The study has other weaknesses. The symptoms were all subjective reports, and the biometric accuracy was not confirmed with any independent validation, such as comparing to ECG measurement. The authors note that this was not necessary because the data is all being compared within each user, not between users. That only applies to the predictive power of the app, which again, was not meaningfully better than just remembering how you felt the day before.
I would also like to see, however, some objective data on the net effect of using the app on some meaningful outcome. Does using the app help people manage their lives better in some way, or reduce anxiety, or improve sleep or some other outcome? It’s quite possible that using the app can make certain outcomes worse, by increasing focus on one’s symptoms.

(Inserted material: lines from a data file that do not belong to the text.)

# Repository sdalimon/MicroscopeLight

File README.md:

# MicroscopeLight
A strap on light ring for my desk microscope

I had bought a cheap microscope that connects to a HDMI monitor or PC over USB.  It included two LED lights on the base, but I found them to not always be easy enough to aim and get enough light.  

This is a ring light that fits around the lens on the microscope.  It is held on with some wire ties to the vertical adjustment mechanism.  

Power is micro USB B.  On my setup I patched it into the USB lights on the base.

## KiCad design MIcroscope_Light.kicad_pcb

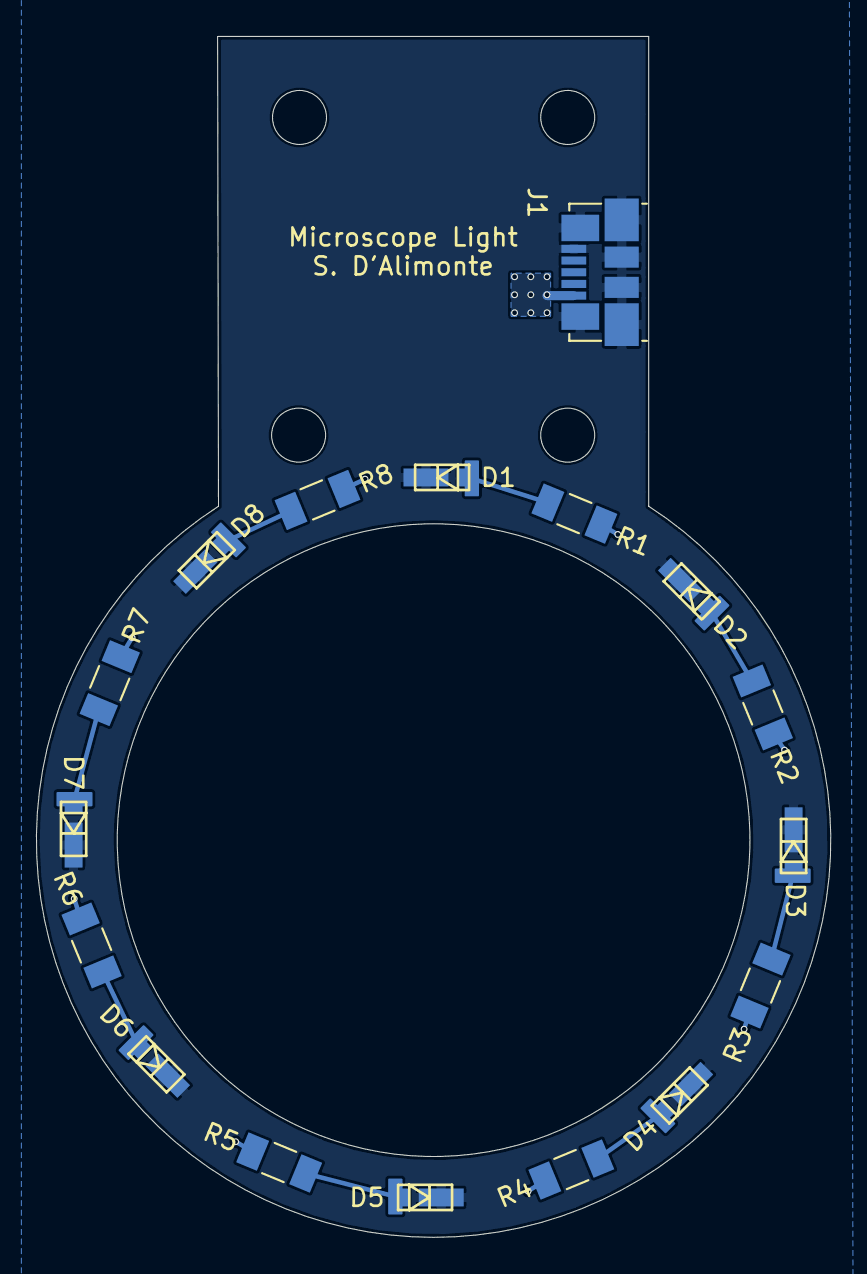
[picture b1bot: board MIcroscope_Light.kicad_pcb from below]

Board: 2 copper layers, 44.1 x 66.7 mm, 21 parts (17 on the bottom side), 10 nets.

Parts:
D1, D2, D3, D4, D5, D6, D7, D8: MP-3014-1100-27-80
J1: USB_B_Micro; USB_Micro-B_Molex_47346-0001
MK1, MK2, MK3, MK4: Mounting_Hole; MountingHole_3mm
R1, R2, R3, R4, R5, R6, R7, R8: 39; R_1206_3216Metric_Pad1.24x1.80mm_HandSolder

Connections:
+5V: J1.1, R1.1, R2.1, R3.1, R4.1, R5.1, R6.1, R7.1, R8.1
GND: D1.1, D2.1, D3.1, D4.1, D5.1, D6.1, D7.1, D8.1, J1.5, J1.6
unnamed: D1.2, R1.2
unnamed: D2.2, R2.2
unnamed: D3.2, R3.2
unnamed: D4.2, R4.2
unnamed: D5.2, R5.2
unnamed: D6.2, R6.2
unnamed: D7.2, R7.2
unnamed: D8.2, R8.2

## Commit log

2021-02-15 Add files via upload
    Upload files
2021-02-15 Update README.md
    Update README

While I think using smartphone apps for health monitoring has great potential, there is also tremendous potential for these kinds of apps which are doing something, but provide dubious net benefit. It is easy to dazzle by gathering lots of data, measuring things, and then spitting out lots of information. But is that information useful? Is it just distracting or anxiety-provoking? Does it divert from more useful methods? Does it facilitate or interfere with actual medical care?
Studies like also make it easy to create the impression of utility where there is little to none. The authors concluded:
“Walk-forward cross-validation showed a statistically significant improvement in model performance when morning biometrics were added to prior-day symptom reports (AUC = 0.82–0.85 vs. 0.73–0.83). These findings represent the prospective utility of mobile health tools for precision monitoring and prediction of real-time symptom exacerbations in complex chronic illness.”
Use of the term “precision monitoring” is interesting. Precise does not mean accurate, and we don’t know how accurate the data is because we don’t have a gold-standard comparison. Precision also does not equate to useful – you can precisely measure something which is of limited or no value.
My conclusion – this app is, for all practical purposes, useless, and we have no idea what its net effect is.